死刑犯本就是暴躁的性子,被捆住无法展示拳脚,他两腿用力蹬顾澄鸢的后座。
“你几个意思?没有一点有用的情报?咱们为了逃出去都想破脑袋了,你就给老子睡觉?”
顾澄鸢无动于衷,从他的角度能瞥见司机的半边,苍老的手上布满凸出的青筋,仿佛还在蠕动。
半晌,他才在一声声催促众狗开口。
顾澄鸢的语气像是断了气,叹口气道:“这位司机好像不是人。”
“什么!”
其他人惊呼,立刻讨论起原因。
“不是人?搞什么鬼,怎么可能?”
“究竟是怎么不是人?是尸体的状态吗?你能不能说清楚一点,只有你坐在第二排,请配合我们。”

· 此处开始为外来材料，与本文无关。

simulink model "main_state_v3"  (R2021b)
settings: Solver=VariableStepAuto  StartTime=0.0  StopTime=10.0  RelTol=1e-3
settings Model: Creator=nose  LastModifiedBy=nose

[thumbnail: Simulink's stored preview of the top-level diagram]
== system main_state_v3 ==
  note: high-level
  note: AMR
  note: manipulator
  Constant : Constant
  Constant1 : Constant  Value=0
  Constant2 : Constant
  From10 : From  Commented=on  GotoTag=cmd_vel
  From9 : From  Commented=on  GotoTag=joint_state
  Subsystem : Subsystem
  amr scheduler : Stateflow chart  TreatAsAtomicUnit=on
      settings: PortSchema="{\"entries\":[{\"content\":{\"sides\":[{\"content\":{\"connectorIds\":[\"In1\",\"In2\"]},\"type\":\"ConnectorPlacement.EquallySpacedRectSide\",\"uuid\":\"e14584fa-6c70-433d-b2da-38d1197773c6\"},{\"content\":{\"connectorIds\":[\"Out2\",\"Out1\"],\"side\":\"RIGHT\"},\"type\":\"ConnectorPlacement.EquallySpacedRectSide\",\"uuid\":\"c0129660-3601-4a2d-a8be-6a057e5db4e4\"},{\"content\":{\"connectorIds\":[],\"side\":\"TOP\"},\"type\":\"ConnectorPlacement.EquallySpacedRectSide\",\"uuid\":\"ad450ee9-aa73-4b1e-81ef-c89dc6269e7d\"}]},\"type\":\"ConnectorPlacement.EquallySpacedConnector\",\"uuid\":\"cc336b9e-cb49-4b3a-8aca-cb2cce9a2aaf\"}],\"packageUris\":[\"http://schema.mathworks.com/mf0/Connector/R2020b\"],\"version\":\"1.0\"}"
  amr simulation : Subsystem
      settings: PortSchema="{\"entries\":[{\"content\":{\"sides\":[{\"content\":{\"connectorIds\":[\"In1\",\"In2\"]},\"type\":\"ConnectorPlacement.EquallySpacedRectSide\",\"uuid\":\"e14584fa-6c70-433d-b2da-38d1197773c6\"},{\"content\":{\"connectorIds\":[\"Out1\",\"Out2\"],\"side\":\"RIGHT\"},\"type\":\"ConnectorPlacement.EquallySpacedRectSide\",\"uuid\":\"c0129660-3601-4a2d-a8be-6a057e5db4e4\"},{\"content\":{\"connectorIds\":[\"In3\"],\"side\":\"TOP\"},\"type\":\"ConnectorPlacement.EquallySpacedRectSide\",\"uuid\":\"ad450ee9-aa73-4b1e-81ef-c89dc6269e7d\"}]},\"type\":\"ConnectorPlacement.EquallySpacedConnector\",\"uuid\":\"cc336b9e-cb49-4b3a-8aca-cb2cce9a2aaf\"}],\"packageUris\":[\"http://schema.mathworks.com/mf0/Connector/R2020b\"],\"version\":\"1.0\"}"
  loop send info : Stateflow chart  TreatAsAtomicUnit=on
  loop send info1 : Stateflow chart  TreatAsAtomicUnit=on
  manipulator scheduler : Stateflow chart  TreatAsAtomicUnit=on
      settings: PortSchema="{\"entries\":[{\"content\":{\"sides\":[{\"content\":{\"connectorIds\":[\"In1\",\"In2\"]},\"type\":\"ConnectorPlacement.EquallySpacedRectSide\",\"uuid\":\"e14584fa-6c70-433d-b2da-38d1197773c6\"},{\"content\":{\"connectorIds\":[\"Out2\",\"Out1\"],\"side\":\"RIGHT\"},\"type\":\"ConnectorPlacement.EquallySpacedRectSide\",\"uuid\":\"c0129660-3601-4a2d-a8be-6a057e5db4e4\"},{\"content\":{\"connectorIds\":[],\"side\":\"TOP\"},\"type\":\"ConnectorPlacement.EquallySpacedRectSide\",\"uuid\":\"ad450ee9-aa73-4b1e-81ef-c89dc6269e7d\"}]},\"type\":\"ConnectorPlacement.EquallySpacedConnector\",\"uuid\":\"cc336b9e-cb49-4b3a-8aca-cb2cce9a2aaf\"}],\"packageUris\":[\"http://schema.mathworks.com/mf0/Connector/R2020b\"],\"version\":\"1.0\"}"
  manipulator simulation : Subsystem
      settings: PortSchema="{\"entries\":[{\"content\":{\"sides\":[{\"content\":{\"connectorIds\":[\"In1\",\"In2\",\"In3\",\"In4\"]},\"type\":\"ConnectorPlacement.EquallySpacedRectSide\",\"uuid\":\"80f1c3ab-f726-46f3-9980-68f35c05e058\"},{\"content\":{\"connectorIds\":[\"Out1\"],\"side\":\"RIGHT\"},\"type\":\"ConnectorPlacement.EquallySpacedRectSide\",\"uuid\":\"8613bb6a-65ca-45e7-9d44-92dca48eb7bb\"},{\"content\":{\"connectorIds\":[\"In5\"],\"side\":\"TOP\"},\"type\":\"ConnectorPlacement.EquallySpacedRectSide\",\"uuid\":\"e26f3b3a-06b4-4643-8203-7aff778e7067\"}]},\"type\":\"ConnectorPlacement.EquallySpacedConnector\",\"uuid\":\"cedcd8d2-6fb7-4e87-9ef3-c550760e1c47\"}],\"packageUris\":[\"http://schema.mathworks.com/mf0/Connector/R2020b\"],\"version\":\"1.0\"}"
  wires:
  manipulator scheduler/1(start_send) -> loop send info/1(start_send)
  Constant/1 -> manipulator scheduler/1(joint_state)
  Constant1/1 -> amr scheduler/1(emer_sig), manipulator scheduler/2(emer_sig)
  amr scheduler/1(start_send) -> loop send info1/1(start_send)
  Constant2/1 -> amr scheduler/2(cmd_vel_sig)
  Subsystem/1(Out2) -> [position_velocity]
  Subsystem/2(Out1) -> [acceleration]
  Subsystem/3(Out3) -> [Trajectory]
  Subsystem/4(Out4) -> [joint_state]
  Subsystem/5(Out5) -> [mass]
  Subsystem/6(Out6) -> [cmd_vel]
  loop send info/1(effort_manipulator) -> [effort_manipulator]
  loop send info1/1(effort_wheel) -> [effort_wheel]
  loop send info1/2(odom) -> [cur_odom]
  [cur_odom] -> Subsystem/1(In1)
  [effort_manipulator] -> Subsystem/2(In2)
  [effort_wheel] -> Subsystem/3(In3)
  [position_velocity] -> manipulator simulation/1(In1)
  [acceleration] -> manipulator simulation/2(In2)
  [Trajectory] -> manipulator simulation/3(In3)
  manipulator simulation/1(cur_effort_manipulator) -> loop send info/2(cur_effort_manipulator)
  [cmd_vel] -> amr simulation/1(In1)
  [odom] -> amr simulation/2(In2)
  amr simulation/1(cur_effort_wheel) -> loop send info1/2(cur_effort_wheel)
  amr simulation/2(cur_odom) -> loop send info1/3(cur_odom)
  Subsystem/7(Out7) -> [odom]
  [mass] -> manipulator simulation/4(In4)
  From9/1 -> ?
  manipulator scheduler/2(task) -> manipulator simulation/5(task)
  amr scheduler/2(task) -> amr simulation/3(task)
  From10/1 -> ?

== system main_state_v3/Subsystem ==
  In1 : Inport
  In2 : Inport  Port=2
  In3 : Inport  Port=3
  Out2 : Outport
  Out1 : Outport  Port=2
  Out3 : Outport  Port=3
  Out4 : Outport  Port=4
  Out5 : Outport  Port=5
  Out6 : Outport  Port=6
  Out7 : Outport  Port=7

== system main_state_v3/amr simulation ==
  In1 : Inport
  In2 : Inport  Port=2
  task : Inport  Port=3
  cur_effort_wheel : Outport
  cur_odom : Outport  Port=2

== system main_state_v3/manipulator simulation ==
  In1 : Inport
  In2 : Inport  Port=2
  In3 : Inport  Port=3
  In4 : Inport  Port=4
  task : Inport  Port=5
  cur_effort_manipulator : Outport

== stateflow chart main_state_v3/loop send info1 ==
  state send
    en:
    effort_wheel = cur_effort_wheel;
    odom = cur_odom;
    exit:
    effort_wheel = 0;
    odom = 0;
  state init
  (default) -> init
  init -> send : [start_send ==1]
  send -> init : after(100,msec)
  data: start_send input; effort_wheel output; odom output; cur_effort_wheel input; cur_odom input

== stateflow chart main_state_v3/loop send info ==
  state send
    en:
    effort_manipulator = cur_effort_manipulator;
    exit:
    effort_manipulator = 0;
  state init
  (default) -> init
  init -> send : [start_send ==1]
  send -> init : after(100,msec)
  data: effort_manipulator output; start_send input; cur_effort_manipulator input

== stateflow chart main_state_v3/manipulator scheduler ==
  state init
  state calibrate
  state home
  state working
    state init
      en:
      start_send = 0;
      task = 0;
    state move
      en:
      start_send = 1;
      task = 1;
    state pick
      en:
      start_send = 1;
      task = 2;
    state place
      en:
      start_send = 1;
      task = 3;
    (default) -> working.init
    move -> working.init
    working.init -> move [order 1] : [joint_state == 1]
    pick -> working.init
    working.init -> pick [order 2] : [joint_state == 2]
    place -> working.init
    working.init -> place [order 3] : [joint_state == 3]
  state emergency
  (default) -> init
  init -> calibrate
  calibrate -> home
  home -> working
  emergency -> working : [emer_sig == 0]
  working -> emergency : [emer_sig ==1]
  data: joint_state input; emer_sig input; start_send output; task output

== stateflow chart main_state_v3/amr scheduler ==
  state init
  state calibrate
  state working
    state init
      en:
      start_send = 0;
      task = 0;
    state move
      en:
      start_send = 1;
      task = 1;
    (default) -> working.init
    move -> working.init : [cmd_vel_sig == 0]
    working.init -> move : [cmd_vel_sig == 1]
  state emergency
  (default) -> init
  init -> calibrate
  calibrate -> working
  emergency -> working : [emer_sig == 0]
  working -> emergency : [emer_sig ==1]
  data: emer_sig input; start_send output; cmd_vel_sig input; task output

“老子真是服了,本来被捆着就够烦了,还要遭受这种待遇。”
那位高中女生明显心思活跃,她提出一个猜想。
“对了,你们说可不可能我们是掉进无限流世界了啊,最近这种小说很火的...”
“啊,我就是说说,你们...别太紧张。”
入殓师拧眉:“这个我听我妹妹说过...但是,嗯,那个前面的,你知道什么吗?”
被捆住的几人出现慌张,惊恐的反应,唯有顾澄鸢无动于衷。
在困境中,人们总会本能相信这种人手握方法,向其求救。
但许久也没有得到答复,入殓师的情绪也变得更加焦躁。
她死死抿着嘴,咬下嘴唇的一块皮,血腥味瞬间涌出。
“或许你不知道现在的情况,这辆车明显超速了!我们...!”
“算了,你叫什么名字,这个总可以告诉我们吧?”
顾澄鸢耸耸肩,很可惜,他也想知道自己的名字。
他本想敷衍过去,或是无视这句话。
但在被捆住的左手,小臂的位置上,出现一行歪歪捏捏的字。
拿尖锐物品刻上的,带有明显的血迹。
“我叫顾澄鸢。”他这样回答,又释然般抬头。
“对,我叫顾澄鸢。”
然后呢?
除此之外仍一无所谓,顾澄鸢又沮丧地垂下脑袋,继续当个哑巴。
“呃,他好像不太爱说话?”高中女生尴尬道,不知如何是好。
因为有一位性格奇怪的同伴,车内氛围再次变得诡异。
联想起自己看过的小说,高中生下意识瞥向顾澄鸢的方向,总觉到对方是幕后boss。
起码是不好惹的那种。
“唉。”最后还是入殓师打破平静,她拼尽全力挣脱束缚,却无法扯动皮带。
只是让手上的红痕又多了一条。
她向顾澄鸢展示。
“你有什么有用的信息吗?”
顾澄鸢目视着前方,他有许许多多的问题,可在脑中转了一圈后,又一个都没有。
连自己也无法控制混乱的想法,他回应道:“你们后面坐着四个人吗?”
七人座,但是最后一排坐四个?
死刑犯啐了口痰:“可不是?tmd,就你最舒坦,老子这都快挤死了!”
话音刚落,又大力踹向顾澄鸢的座椅。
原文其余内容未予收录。